-- Opening Marker --

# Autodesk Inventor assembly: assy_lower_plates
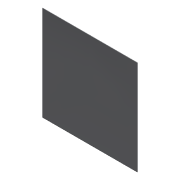
[picture p0: Inventor's stored thumbnail of the model, 180x180]
Saved by Autodesk Inventor 2018 (Build 220112000, 112)
## iProperties
Created: 2017-11-13
Part Number: assy_lower_plates
Document SubType Name: Assembly
Designer: Platform
Author: Platform
## Documents named in this file (2)
- C:\Users\Platform\Desktop\autorace_track\track_model\autorace_rbizchallenge2017\assembled\assy_lower_plates.iam
- C:\Users\Platform\Desktop\RBizChallenge2017_TurtleBot3_AutoRace_map\lower_plate v1.ipt
## Components (4 placed, 1 different names)
1. lower_plate v1:1 — Mate:1, Flush:1, Flush:2, Mate:2, Flush:3, Flush:4
2. lower_plate v1:2 — Mate:1, Flush:1, Flush:2, Mate:3, Flush:5
3. lower_plate v1:3 — Mate:2, Flush:3, Flush:4, Mate:4
4. lower_plate v1:4 — Mate:3, Mate:4, Flush:5
## Relationships (9: Flush 5, Mate 4)
- Mate:1: lower_plate v1:1 ↔ lower_plate v1:2
- Flush:1: lower_plate v1:1 ↔ lower_plate v1:2
- Flush:2: lower_plate v1:1 ↔ lower_plate v1:2
- Mate:2: lower_plate v1:1 ↔ lower_plate v1:3
- Flush:3: lower_plate v1:1 ↔ lower_plate v1:3
- Flush:4: lower_plate v1:1 ↔ lower_plate v1:3
- Mate:3: lower_plate v1:2 ↔ lower_plate v1:4
- Mate:4: lower_plate v1:3 ↔ lower_plate v1:4
- Flush:5: lower_plate v1:2 ↔ lower_plate v1:4
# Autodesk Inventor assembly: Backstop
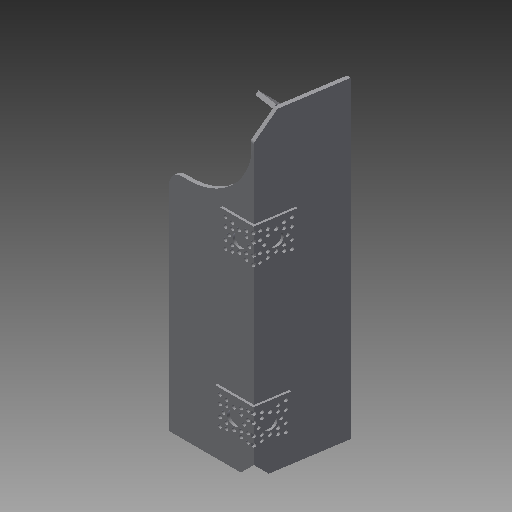
[picture p0: Inventor's stored thumbnail of the model, 512x512]
Saved by Autodesk Inventor 2017 (Build 210142000, 142)
## iProperties
Created: 2017-01-17
Part Number: Backstop
Document SubType Name: Assembly
Designer: RoboticsUser
Author: RoboticsUser
## Documents named in this file (5)
- C:\Robotics\CAD\2016-17_CAD\Backstop.iam
- C:\Robotics\CAD\2016-17_CAD\Backstopright.ipt
- C:\Robotics\CAD\2016-17_CAD\Backstopleft.ipt
- C:\Robotics\CAD\COTSParts\Actobotics\585 parts\585424.ipt
- C:\Robotics\CAD\2016-17_CAD\kicker.ipt
## Components (5 placed, 4 different names)
1. Backstopright:1 — Mate:3, Mate:4, Flush:2, Mate:6, Flush:3, Mate:7, Mate:8
2. Backstopleft:1 — Flush:1, Mate:1, Mate:2, Flush:2, Mate:5
3. 585424:1 — Mate:5, Mate:6, Flush:3
4. 585424:2 — Flush:1, Mate:1, Mate:2, Mate:3, Mate:4
5. kicker:1 — Mate:7, Mate:8
## Relationships (11: Mate 8, Flush 3)
- Flush:1 (25.4 mm): Backstopleft:1 ↔ 585424:2
- Mate:1: Backstopleft:1 ↔ 585424:2
- Mate:2: Backstopleft:1 ↔ 585424:2
- Mate:3: Backstopright:1 ↔ 585424:2
- Mate:4: Backstopright:1 ↔ 585424:2
- Flush:2: Backstopright:1 ↔ Backstopleft:1
- Mate:5: Backstopleft:1 ↔ 585424:1
- Mate:6: Backstopright:1 ↔ 585424:1
- Flush:3 (88.9 mm): Backstopright:1 ↔ 585424:1
- Mate:7: Backstopright:1 ↔ kicker:1
- Mate:8: Backstopright:1 ↔ kicker:1
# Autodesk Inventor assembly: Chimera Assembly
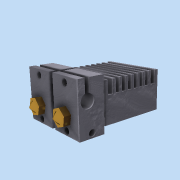
[picture p0: Inventor's stored thumbnail of the model, 180x180]
Saved by Autodesk Inventor 2016 (Build 200138000, 138)
## iProperties
Created: 2016-08-02
Part Number: Chimera Assembly
Document SubType Name: Assembly
Designer: Sam
Author: Sam
## Documents named in this file (7)
- D:\Users\Sam\Documents\Inventor\Zircon3D\Chimera Assembly.iam
- D:\Users\Sam\Documents\Inventor\Zircon3D\Chimera Heatsink.ipt
- D:\Users\Sam\Documents\Inventor\Zircon3D\Chimera Hetsink Brass Insert.ipt
- D:\Users\Sam\Documents\Inventor\Zircon3D\Chimera Heatsink Bowden.ipt
- D:\Users\Sam\Documents\Inventor\Zircon3D\Chimera Heatbreak.ipt
- D:\Users\Sam\Documents\Inventor\Zircon3D\Chimera Heatblock.ipt
- D:\Users\Sam\Documents\Inventor\Zircon3D\Chimera Nozzle.ipt
## Components (11 placed, 6 different names)
1. Chimera Heatsink:1 — Rotational:1, Rotational:2, Rotational:5, Rotational:6
2. Chimera Hetsink Brass Insert:1 — Rotational:1, Rotational:3
3. Chimera Hetsink Brass Insert:2 — Rotational:2, Rotational:4
4. Chimera Heatsink Bowden:1 — Rotational:3
5. Chimera Heatsink Bowden:2 — Rotational:4
6. Chimera Heatbreak:1 — Rotational:5, Rotational:7
7. Chimera Heatbreak:2 — Rotational:6, Rotational:8
8. Chimera Heatblock:1 — Rotational:8, Mate:1
9. Chimera Heatblock:2 — Rotational:7, Mate:2
10. Chimera Nozzle:1 — Mate:1
11. Chimera Nozzle:2 — Mate:2
## Relationships (10: RevoluteJoint 8, Mate 2)
- Rotational:1 [RevoluteJoint]: Chimera Heatsink:1 ↔ Chimera Hetsink Brass Insert:1
- Rotational:2 [RevoluteJoint]: Chimera Heatsink:1 ↔ Chimera Hetsink Brass Insert:2
- Rotational:3 [RevoluteJoint]: Chimera Hetsink Brass Insert:1 ↔ Chimera Heatsink Bowden:1
- Rotational:4 [RevoluteJoint]: Chimera Hetsink Brass Insert:2 ↔ Chimera Heatsink Bowden:2
- Rotational:5 [RevoluteJoint]: Chimera Heatsink:1 ↔ Chimera Heatbreak:1
- Rotational:6 [RevoluteJoint]: Chimera Heatsink:1 ↔ Chimera Heatbreak:2
- Rotational:7 [RevoluteJoint]: Chimera Heatbreak:1 ↔ Chimera Heatblock:2
- Rotational:8 [RevoluteJoint]: Chimera Heatbreak:2 ↔ Chimera Heatblock:1
- Mate:1: Chimera Heatblock:1 ↔ Chimera Nozzle:1
- Mate:2: Chimera Heatblock:2 ↔ Chimera Nozzle:2

-- Closing Marker --

▶ [The task] The records above must all be output exactly. Omit the images.

▶ [Answer to this exercise]
# Autodesk Inventor assembly: assy_lower_plates
[picture p0: Inventor's stored thumbnail of the model, 180x180]
Saved by Autodesk Inventor 2018 (Build 220112000, 112)
## iProperties
Created: 2017-11-13
Part Number: assy_lower_plates
Document SubType Name: Assembly
Designer: Platform
Author: Platform
## Documents named in this file (2)
- C:\Users\Platform\Desktop\autorace_track\track_model\autorace_rbizchallenge2017\assembled\assy_lower_plates.iam
- C:\Users\Platform\Desktop\RBizChallenge2017_TurtleBot3_AutoRace_map\lower_plate v1.ipt
## Components (4 placed, 1 different names)
1. lower_plate v1:1 — Mate:1, Flush:1, Flush:2, Mate:2, Flush:3, Flush:4
2. lower_plate v1:2 — Mate:1, Flush:1, Flush:2, Mate:3, Flush:5
3. lower_plate v1:3 — Mate:2, Flush:3, Flush:4, Mate:4
4. lower_plate v1:4 — Mate:3, Mate:4, Flush:5
## Relationships (9: Flush 5, Mate 4)
- Mate:1: lower_plate v1:1 ↔ lower_plate v1:2
- Flush:1: lower_plate v1:1 ↔ lower_plate v1:2
- Flush:2: lower_plate v1:1 ↔ lower_plate v1:2
- Mate:2: lower_plate v1:1 ↔ lower_plate v1:3
- Flush:3: lower_plate v1:1 ↔ lower_plate v1:3
- Flush:4: lower_plate v1:1 ↔ lower_plate v1:3
- Mate:3: lower_plate v1:2 ↔ lower_plate v1:4
- Mate:4: lower_plate v1:3 ↔ lower_plate v1:4
- Flush:5: lower_plate v1:2 ↔ lower_plate v1:4
# Autodesk Inventor assembly: Backstop
[picture p0: Inventor's stored thumbnail of the model, 512x512]
Saved by Autodesk Inventor 2017 (Build 210142000, 142)
## iProperties
Created: 2017-01-17
Part Number: Backstop
Document SubType Name: Assembly
Designer: RoboticsUser
Author: RoboticsUser
## Documents named in this file (5)
- C:\Robotics\CAD\2016-17_CAD\Backstop.iam
- C:\Robotics\CAD\2016-17_CAD\Backstopright.ipt
- C:\Robotics\CAD\2016-17_CAD\Backstopleft.ipt
- C:\Robotics\CAD\COTSParts\Actobotics\585 parts\585424.ipt
- C:\Robotics\CAD\2016-17_CAD\kicker.ipt
## Components (5 placed, 4 different names)
1. Backstopright:1 — Mate:3, Mate:4, Flush:2, Mate:6, Flush:3, Mate:7, Mate:8
2. Backstopleft:1 — Flush:1, Mate:1, Mate:2, Flush:2, Mate:5
3. 585424:1 — Mate:5, Mate:6, Flush:3
4. 585424:2 — Flush:1, Mate:1, Mate:2, Mate:3, Mate:4
5. kicker:1 — Mate:7, Mate:8
## Relationships (11: Mate 8, Flush 3)
- Flush:1 (25.4 mm): Backstopleft:1 ↔ 585424:2
- Mate:1: Backstopleft:1 ↔ 585424:2
- Mate:2: Backstopleft:1 ↔ 585424:2
- Mate:3: Backstopright:1 ↔ 585424:2
- Mate:4: Backstopright:1 ↔ 585424:2
- Flush:2: Backstopright:1 ↔ Backstopleft:1
- Mate:5: Backstopleft:1 ↔ 585424:1
- Mate:6: Backstopright:1 ↔ 585424:1
- Flush:3 (88.9 mm): Backstopright:1 ↔ 585424:1
- Mate:7: Backstopright:1 ↔ kicker:1
- Mate:8: Backstopright:1 ↔ kicker:1
# Autodesk Inventor assembly: Chimera Assembly
[picture p0: Inventor's stored thumbnail of the model, 180x180]
Saved by Autodesk Inventor 2016 (Build 200138000, 138)
## iProperties
Created: 2016-08-02
Part Number: Chimera Assembly
Document SubType Name: Assembly
Designer: Sam
Author: Sam
## Documents named in this file (7)
- D:\Users\Sam\Documents\Inventor\Zircon3D\Chimera Assembly.iam
- D:\Users\Sam\Documents\Inventor\Zircon3D\Chimera Heatsink.ipt
- D:\Users\Sam\Documents\Inventor\Zircon3D\Chimera Hetsink Brass Insert.ipt
- D:\Users\Sam\Documents\Inventor\Zircon3D\Chimera Heatsink Bowden.ipt
- D:\Users\Sam\Documents\Inventor\Zircon3D\Chimera Heatbreak.ipt
- D:\Users\Sam\Documents\Inventor\Zircon3D\Chimera Heatblock.ipt
- D:\Users\Sam\Documents\Inventor\Zircon3D\Chimera Nozzle.ipt
## Components (11 placed, 6 different names)
1. Chimera Heatsink:1 — Rotational:1, Rotational:2, Rotational:5, Rotational:6
2. Chimera Hetsink Brass Insert:1 — Rotational:1, Rotational:3
3. Chimera Hetsink Brass Insert:2 — Rotational:2, Rotational:4
4. Chimera Heatsink Bowden:1 — Rotational:3
5. Chimera Heatsink Bowden:2 — Rotational:4
6. Chimera Heatbreak:1 — Rotational:5, Rotational:7
7. Chimera Heatbreak:2 — Rotational:6, Rotational:8
8. Chimera Heatblock:1 — Rotational:8, Mate:1
9. Chimera Heatblock:2 — Rotational:7, Mate:2
10. Chimera Nozzle:1 — Mate:1
11. Chimera Nozzle:2 — Mate:2
## Relationships (10: RevoluteJoint 8, Mate 2)
- Rotational:1 [RevoluteJoint]: Chimera Heatsink:1 ↔ Chimera Hetsink Brass Insert:1
- Rotational:2 [RevoluteJoint]: Chimera Heatsink:1 ↔ Chimera Hetsink Brass Insert:2
- Rotational:3 [RevoluteJoint]: Chimera Hetsink Brass Insert:1 ↔ Chimera Heatsink Bowden:1
- Rotational:4 [RevoluteJoint]: Chimera Hetsink Brass Insert:2 ↔ Chimera Heatsink Bowden:2
- Rotational:5 [RevoluteJoint]: Chimera Heatsink:1 ↔ Chimera Heatbreak:1
- Rotational:6 [RevoluteJoint]: Chimera Heatsink:1 ↔ Chimera Heatbreak:2
- Rotational:7 [RevoluteJoint]: Chimera Heatbreak:1 ↔ Chimera Heatblock:2
- Rotational:8 [RevoluteJoint]: Chimera Heatbreak:2 ↔ Chimera Heatblock:1
- Mate:1: Chimera Heatblock:1 ↔ Chimera Nozzle:1
- Mate:2: Chimera Heatblock:2 ↔ Chimera Nozzle:2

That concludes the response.